Task directions
Please give back, word for word, only the lines starting at the one containing "acc : Outport" and ending at the one containing "Sum/1 -> To" within the material below.
#### Available data
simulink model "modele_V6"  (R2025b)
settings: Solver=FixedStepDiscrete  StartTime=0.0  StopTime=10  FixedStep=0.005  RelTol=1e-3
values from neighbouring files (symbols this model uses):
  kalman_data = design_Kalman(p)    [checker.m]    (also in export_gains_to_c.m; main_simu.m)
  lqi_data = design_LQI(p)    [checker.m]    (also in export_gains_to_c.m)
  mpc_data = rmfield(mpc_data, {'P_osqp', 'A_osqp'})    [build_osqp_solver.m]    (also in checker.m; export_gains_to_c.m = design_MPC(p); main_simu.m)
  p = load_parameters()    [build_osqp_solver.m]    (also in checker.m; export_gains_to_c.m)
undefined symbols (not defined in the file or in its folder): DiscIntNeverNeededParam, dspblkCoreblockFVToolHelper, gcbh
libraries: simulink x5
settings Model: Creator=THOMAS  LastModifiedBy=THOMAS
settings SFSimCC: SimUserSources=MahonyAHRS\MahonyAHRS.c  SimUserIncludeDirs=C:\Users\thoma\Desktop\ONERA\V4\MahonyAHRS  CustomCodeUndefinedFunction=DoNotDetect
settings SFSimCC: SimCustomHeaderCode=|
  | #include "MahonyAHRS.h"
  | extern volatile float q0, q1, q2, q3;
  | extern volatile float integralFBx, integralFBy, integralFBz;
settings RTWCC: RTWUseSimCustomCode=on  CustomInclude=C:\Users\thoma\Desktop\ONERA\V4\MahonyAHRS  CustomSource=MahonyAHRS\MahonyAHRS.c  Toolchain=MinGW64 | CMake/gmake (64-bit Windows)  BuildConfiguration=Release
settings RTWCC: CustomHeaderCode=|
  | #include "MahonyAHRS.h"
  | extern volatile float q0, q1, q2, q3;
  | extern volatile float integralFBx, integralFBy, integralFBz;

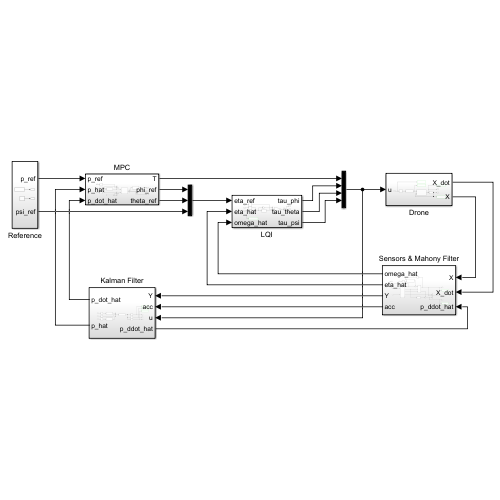
[thumbnail: Simulink's stored preview of the top-level diagram]
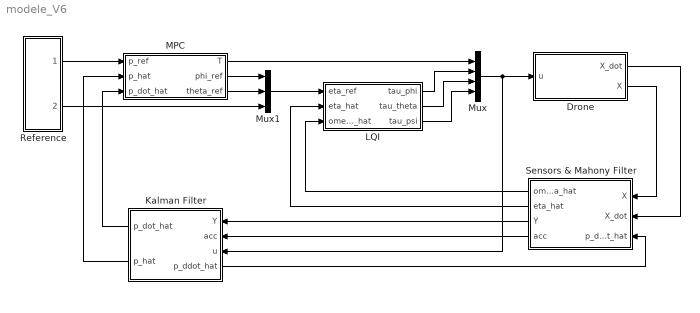
== system modele_V6 ==
  Drone : Subsystem
  Kalman Filter : Subsystem
      settings: PortSchema="{\"entries\":[{\"content\":{\"sides\":[{\"content\":{\"connectorIds\":[\"In1\",\"In2\",\"In3\",\"Out3\"]},\"type\":\"ConnectorPlacement.EquallySpacedRectSide\",\"uuid\":\"d1b80e43-277a-425d-bfea-a46540c59ade\"},{\"content\":{\"connectorIds\":[\"Out1\",\"Out2\"],\"side\":\"RIGHT\"},\"type\":\"ConnectorPlacement.EquallySpacedRectSide\",\"uuid\":\"e2b5c73d-e18d-4d88-8a3a-b4b6637fab46\"},{\"content\":{\"side\":\"TOP\"},\"type\":\"ConnectorPlacement.EquallySpacedRectSide\",\"uuid\":\"def8a2c3-4beb-4693-b110-6586be4b0baf\"}]},\"type\":\"ConnectorPlacement.EquallySpacedConnector\",\"uuid\":\"a4526f81-9c75-4300-957b-6f8428e841a4\"}],\"packageUris\":[\"http://schema.mathworks.com/mf0/Connector/R2020b\"],\"version\":\"1.0\"}"
  LQI : Subsystem
  MPC : Subsystem
  Mux : Mux
  Mux1 : Mux  Inputs=3
  Reference : Subsystem
  Sensors & Mahony Filter : Subsystem
  wires:
  Mux/1 -> Drone/1(u), Kalman Filter/3(u)
  LQI/1(tau_phi) -> Mux/2
  LQI/2(tau_theta) -> Mux/3
  LQI/3(tau_psi) -> Mux/4
  Reference/1(p_ref) -> MPC/1(p_ref)
  Mux1/1 -> LQI/1(eta_ref)
  Reference/2(psi_ref) -> Mux1/3
  Kalman Filter/2(p_hat) -> MPC/2(p_hat)
  Drone/2(X) -> Sensors & Mahony Filter/1(X)
  Kalman Filter/1(p_dot_hat) -> MPC/3(p_dot_hat)
  Sensors & Mahony Filter/3(Y) -> Kalman Filter/1(Y)
  Drone/1(X_dot) -> Sensors & Mahony Filter/2(X_dot)
  Sensors & Mahony Filter/2(eta_hat) -> LQI/2(eta_hat)
  Sensors & Mahony Filter/1(omega_hat) -> LQI/3(omega_hat)
  MPC/3(theta_ref) -> Mux1/2
  MPC/2(phi_ref) -> Mux1/1
  Sensors & Mahony Filter/4(acc) -> Kalman Filter/2(acc)
  Kalman Filter/3(p_ddot_hat) -> Sensors & Mahony Filter/3(p_ddot_hat)
  MPC/1(T) -> Mux/1

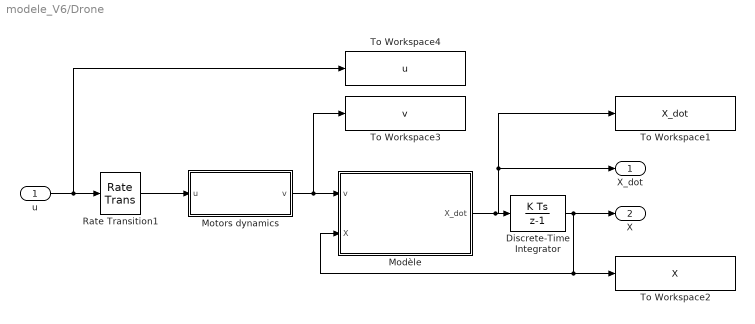
== system modele_V6/Drone ==
  u : Inport
  Discrete-Time Integrator : DiscreteIntegrator  SampleTime=1/p.f_plant  ICPrevOutput=DiscIntNeverNeededParam  ICPrevScaledInput=DiscIntNeverNeededParam
  Modèle : MATLAB Function  TreatAsAtomicUnit=on
  Motors dynamics : Subsystem
  Rate Transition1 : RateTransition  InitialCondition=[p.M*p.g; 0; 0; 0]  OutPortSampleTime=1/p.f_plant
  To Workspace1 : ToWorkspace  VariableName=X_dot  SaveFormat=Timeseries  SampleTime=-1
  To Workspace2 : ToWorkspace  VariableName=X  SaveFormat=Timeseries  SampleTime=-1
  To Workspace3 : ToWorkspace  VariableName=v  SaveFormat=Timeseries  SampleTime=-1
  To Workspace4 : ToWorkspace  VariableName=u  SaveFormat=Timeseries  SampleTime=-1
  X_dot : Outport
  X : Outport  Port=2
  wires:
  Modèle/1(X_dot) -> X_dot/1, To Workspace1/1, Discrete-Time Integrator/1
  Discrete-Time Integrator/1 -> X/1, Modèle/2(X), To Workspace2/1
  u/1 -> To Workspace4/1, Rate Transition1/1
  Motors dynamics/1(v) -> To Workspace3/1, Modèle/1(v)
  Rate Transition1/1 -> Motors dynamics/1(u)

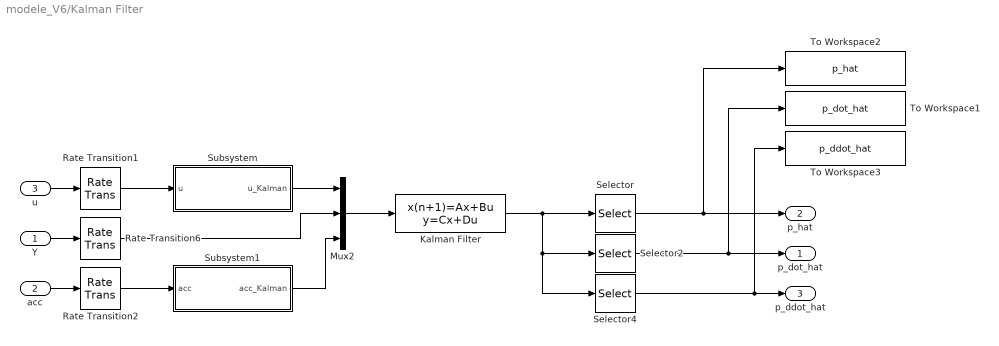
== system modele_V6/Kalman Filter ==
  Y : Inport
  acc : Inport  Port=2
  u : Inport  Port=3
  Kalman Filter : DiscreteStateSpace  A=kalman_data.sys_d.a - kalman_data.K*kalman_data.sys_d.c  B=[kalman_data.sys_d.b kalman_data.K]  C=eye(15)  D=zeros(15, 16)  SampleTime=1/p.f_kalman
  Mux2 : Mux  Inputs=3
  Rate Transition1 : RateTransition  OutPortSampleTime=1/p.f_kalman
  Rate Transition2 : RateTransition  OutPortSampleTime=1/p.f_kalman
  Rate Transition6 : RateTransition  OutPortSampleTime=1/p.f_kalman
  Selector : Selector  InputPortWidth=15  IndexOptions=Index vector (dialog)  Indices=[1:3]  OutputSizes=1
  Selector2 : Selector  InputPortWidth=15  IndexOptions=Index vector (dialog)  Indices=[7:9]  OutputSizes=1
  Selector4 : Selector  InputPortWidth=15  IndexOptions=Index vector (dialog)  Indices=[13:15]  OutputSizes=1
  Subsystem : Subsystem
  Subsystem1 : Subsystem
  To Workspace1 : ToWorkspace  VariableName=p_dot_hat  SaveFormat=Timeseries  SampleTime=-1
  To Workspace2 : ToWorkspace  VariableName=p_hat  SaveFormat=Timeseries  SampleTime=-1
  To Workspace3 : ToWorkspace  VariableName=p_ddot_hat  SaveFormat=Timeseries  SampleTime=-1
  p_dot_hat : Outport
  p_hat : Outport  Port=2
  p_ddot_hat : Outport  Port=3
  wires:
  Mux2/1 -> Kalman Filter/1
  Subsystem/1(u_Kalman) -> Mux2/1
  u/1 -> Rate Transition1/1
  Selector2/1 -> To Workspace1/1, p_dot_hat/1
  Kalman Filter/1 -> Selector4/1, Selector2/1, Selector/1
  Selector/1 -> p_hat/1, To Workspace2/1
  Y/1 -> Rate Transition6/1
  Rate Transition6/1 -> Mux2/2
  Rate Transition1/1 -> Subsystem/1(u)
  acc/1 -> Rate Transition2/1
  Rate Transition2/1 -> Subsystem1/1(acc)
  Selector4/1 -> To Workspace3/1, p_ddot_hat/1
  Subsystem1/1(acc_Kalman) -> Mux2/3

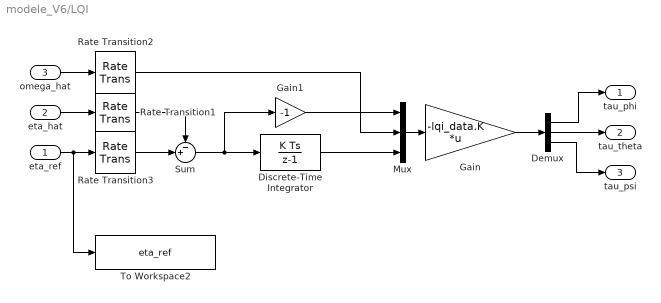
== system modele_V6/LQI ==
  eta_ref : Inport
  eta_hat : Inport  Port=2
  omega_hat : Inport  Port=3
  Demux : Demux  Outputs=3
  Discrete-Time Integrator : DiscreteIntegrator  SampleTime=1/p.f_lqi  ICPrevOutput=DiscIntNeverNeededParam  ICPrevScaledInput=DiscIntNeverNeededParam
  Gain : Gain  Gain=-lqi_data.K  Multiplication=Matrix(K*u)
  Gain1 : Gain  Gain=-1
  Mux : Mux  Inputs=3
  Rate Transition1 : RateTransition  OutPortSampleTime=1/p.f_lqi
  Rate Transition2 : RateTransition  OutPortSampleTime=1/p.f_lqi
  Rate Transition3 : RateTransition  OutPortSampleTime=1/p.f_lqi
  Sum : Sum  Inputs=-+|
  To Workspace2 : ToWorkspace  VariableName=eta_ref  SaveFormat=Timeseries  SampleTime=-1
  tau_phi : Outport
  tau_theta : Outport  Port=2
  tau_psi : Outport  Port=3
  wires:
  Gain/1 -> Demux/1
  Mux/1 -> Gain/1
  Discrete-Time Integrator/1 -> Mux/3
  omega_hat/1 -> Rate Transition2/1
  eta_hat/1 -> Rate Transition1/1
  eta_ref/1 -> To Workspace2/1, Rate Transition3/1
  Sum/1 -> Gain1/1, Discrete-Time Integrator/1
  Demux/1 -> tau_phi/1
  Demux/2 -> tau_theta/1
  Demux/3 -> tau_psi/1
  Rate Transition3/1 -> Sum/2
  Rate Transition2/1 -> Mux/2
  Rate Transition1/1 -> Sum/1
  Gain1/1 -> Mux/1

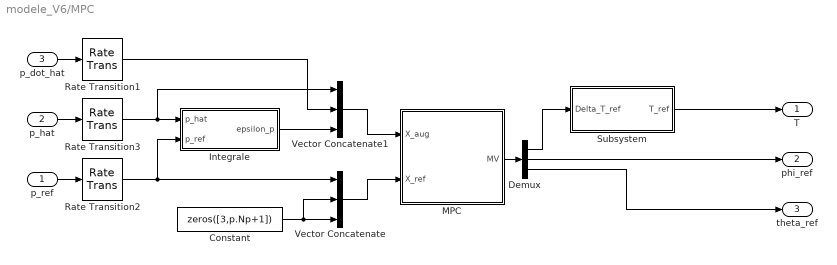
== system modele_V6/MPC ==
  p_ref : Inport
  p_hat : Inport  Port=2
  p_dot_hat : Inport  Port=3
  Constant : Constant  Value=zeros([3,p.Np+1])
  Demux : Demux  Outputs=3
  Integrale : Subsystem
  MPC : Subsystem
  Rate Transition1 : RateTransition  OutPortSampleTime=1/p.f_mpc
  Rate Transition2 : RateTransition  OutPortSampleTime=1/p.f_mpc
  Rate Transition3 : RateTransition  OutPortSampleTime=1/p.f_mpc
  Subsystem : Subsystem
  Vector Concatenate : Concatenate  NumInputs=3  Mode=Multidimensional array
  Vector Concatenate1 : Concatenate  NumInputs=3  Mode=Multidimensional array
  T : Outport
  phi_ref : Outport  Port=2
  theta_ref : Outport  Port=3
  wires:
  Vector Concatenate1/1 -> MPC/1(X_aug)
  MPC/1(MV) -> Demux/1
  Demux/1 -> Subsystem/1(Delta_T_ref)
  Integrale/1(epsilon_p) -> Vector Concatenate1/3
  Vector Concatenate/1 -> MPC/2(X_ref)
  Constant/1 -> Vector Concatenate/2, Vector Concatenate/3
  p_hat/1 -> Rate Transition3/1
  p_dot_hat/1 -> Rate Transition1/1
  Rate Transition3/1 -> Vector Concatenate1/1, Integrale/1(p_hat)
  p_ref/1 -> Rate Transition2/1
  Rate Transition1/1 -> Vector Concatenate1/2
  Demux/2 -> phi_ref/1
  Demux/3 -> theta_ref/1
  Rate Transition2/1 -> Vector Concatenate/1, Integrale/2(p_ref)
  Subsystem/1(T_ref) -> T/1

== system modele_V6/Reference ==
  Constant : Constant  Value=0
  From Workspace : FromWorkspace  VariableName=ref
  p_ref : Outport
  psi_ref : Outport  Port=2
  wires:
  Constant/1 -> psi_ref/1
  From Workspace/1 -> p_ref/1

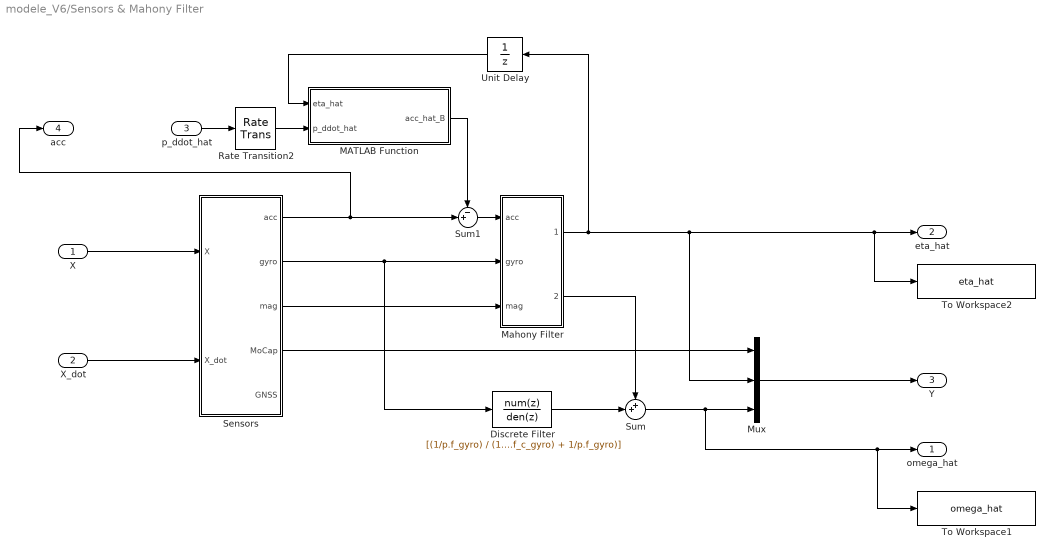
== system modele_V6/Sensors & Mahony Filter ==
  X : Inport
  X_dot : Inport  Port=2
  p_ddot_hat : Inport  Port=3
  Discrete Filter : DiscreteFilter  LoadFcn=dspblkCoreblockFVToolHelper(gcbh,'load');  Numerator=[(1/p.f_gyro) / (1/(2*pi*p.f_c_gyro) + 1/p.f_gyro)]  Denominator=[1, -1/(2*pi*p.f_c_gyro) / (1/(2*pi*p.f_c_gyro) + 1/p.f_gyro)]
      settings: CopyFcn=dspblkCoreblockFVToolHelper(gcbh,'copy');  DeleteFcn=dspblkCoreblockFVToolHelper(gcbh,'close');  ModelCloseFcn=dspblkCoreblockFVToolHelper(gcbh,'close');  PreSaveFcn=dspblkCoreblockFVToolHelper(gcbh,'presave');  PostSaveFcn=dspblkCoreblockFVToolHelper(gcbh,'postsave');  CloseFcn=dspblkCoreblockFVToolHelper(gcbh,'close');
  MATLAB Function : MATLAB Function  TreatAsAtomicUnit=on
  Mahony Filter : Subsystem
  Mux : Mux  Inputs=3
  Rate Transition2 : RateTransition  OutPortSampleTime=1/p.f_mahony
  Sensors : Subsystem
  Sum : Sum  Inputs=++|
  Sum1 : Sum  Inputs=-+|
  To Workspace1 : ToWorkspace  VariableName=omega_hat  SaveFormat=Timeseries  SampleTime=-1
  To Workspace2 : ToWorkspace  VariableName=eta_hat  SaveFormat=Timeseries  SampleTime=-1
  Unit Delay : UnitDelay  SampleTime=1/p.f_mahony  HasFrameUpgradeWarning=on
  omega_hat : Outport
  eta_hat : Outport  Port=2
  Y : Outport  Port=3
  acc : Outport  Port=4
  wires:
  X/1 -> Sensors/1(X)
  X_dot/1 -> Sensors/2(X_dot)
  Sensors/2(gyro) -> Discrete Filter/1, Mahony Filter/2(gyro)
  Mahony Filter/1(eta_hat) -> Mux/2, To Workspace2/1, eta_hat/1, Unit Delay/1
  Mux/1 -> Y/1
  Sensors/3(mag) -> Mahony Filter/3(mag)
  Sum/1 -> To Workspace1/1, omega_hat/1, Mux/3
  Mahony Filter/2(bias_hat) -> Sum/1
  Discrete Filter/1 -> Sum/2
  Sensors/4(MoCap) -> Mux/1
  Sum1/1 -> Mahony Filter/1(acc)
  Rate Transition2/1 -> MATLAB Function/2(p_ddot_hat)
  MATLAB Function/1(acc_hat_B) -> Sum1/1
  p_ddot_hat/1 -> Rate Transition2/1
  Unit Delay/1 -> MATLAB Function/1(eta_hat)
  Sensors/1(acc) -> Sum1/2, acc/1

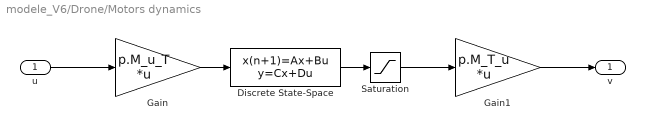
== system modele_V6/Drone/Motors dynamics ==
  u : Inport
  Discrete State-Space : DiscreteStateSpace  A=exp(-1/p.f_plant/p.tau_m) * eye(4)  B=(1 - exp(-1/p.f_plant/p.tau_m)) * eye(4)  C=eye(4)  D=zeros(4)  InitialCondition=ones(4,1)*p.M*p.g/4  SampleTime=1/p.f_plant
  Gain : Gain  Gain=p.M_u_T  Multiplication=Matrix(K*u)
  Gain1 : Gain  Gain=p.M_T_u  Multiplication=Matrix(K*u)
  Saturation : Saturate  UpperLimit=ones(4,1)*p.Ti_max  LowerLimit=ones(4,1)*p.Ti_min
  v : Outport
  wires:
  u/1 -> Gain/1
  Gain1/1 -> v/1
  Saturation/1 -> Gain1/1
  Discrete State-Space/1 -> Saturation/1
  Gain/1 -> Discrete State-Space/1

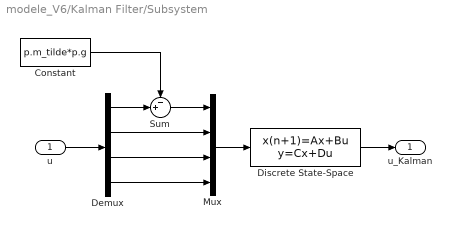
== system modele_V6/Kalman Filter/Subsystem ==
  u : Inport
  Constant : Constant  Value=p.m_tilde*p.g
  Demux : Demux
  Discrete State-Space : DiscreteStateSpace  A=exp(-1/p.f_kalman/p.tau_m) * eye(4)  B=(1 - exp(-1/p.f_kalman/p.tau_m)) * eye(4)  C=eye(4)  D=zeros(4)  SampleTime=1/p.f_kalman
  Mux : Mux
  Sum : Sum  Inputs=-+|
  u_Kalman : Outport
  wires:
  Constant/1 -> Sum/1
  Demux/1 -> Sum/2
  u/1 -> Demux/1
  Sum/1 -> Mux/1
  Demux/2 -> Mux/2
  Demux/3 -> Mux/3
  Demux/4 -> Mux/4
  Mux/1 -> Discrete State-Space/1
  Discrete State-Space/1 -> u_Kalman/1

== system modele_V6/Kalman Filter/Subsystem1 ==
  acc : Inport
########
Output
  acc : Outport  Port=4
  wires:
  X/1 -> Sensors/1(X)
  X_dot/1 -> Sensors/2(X_dot)
  Sensors/2(gyro) -> Discrete Filter/1, Mahony Filter/2(gyro)
  Mahony Filter/1(eta_hat) -> Mux/2, To Workspace2/1, eta_hat/1, Unit Delay/1
  Mux/1 -> Y/1
  Sensors/3(mag) -> Mahony Filter/3(mag)
  Sum/1 -> To Workspace1/1, omega_hat/1, Mux/3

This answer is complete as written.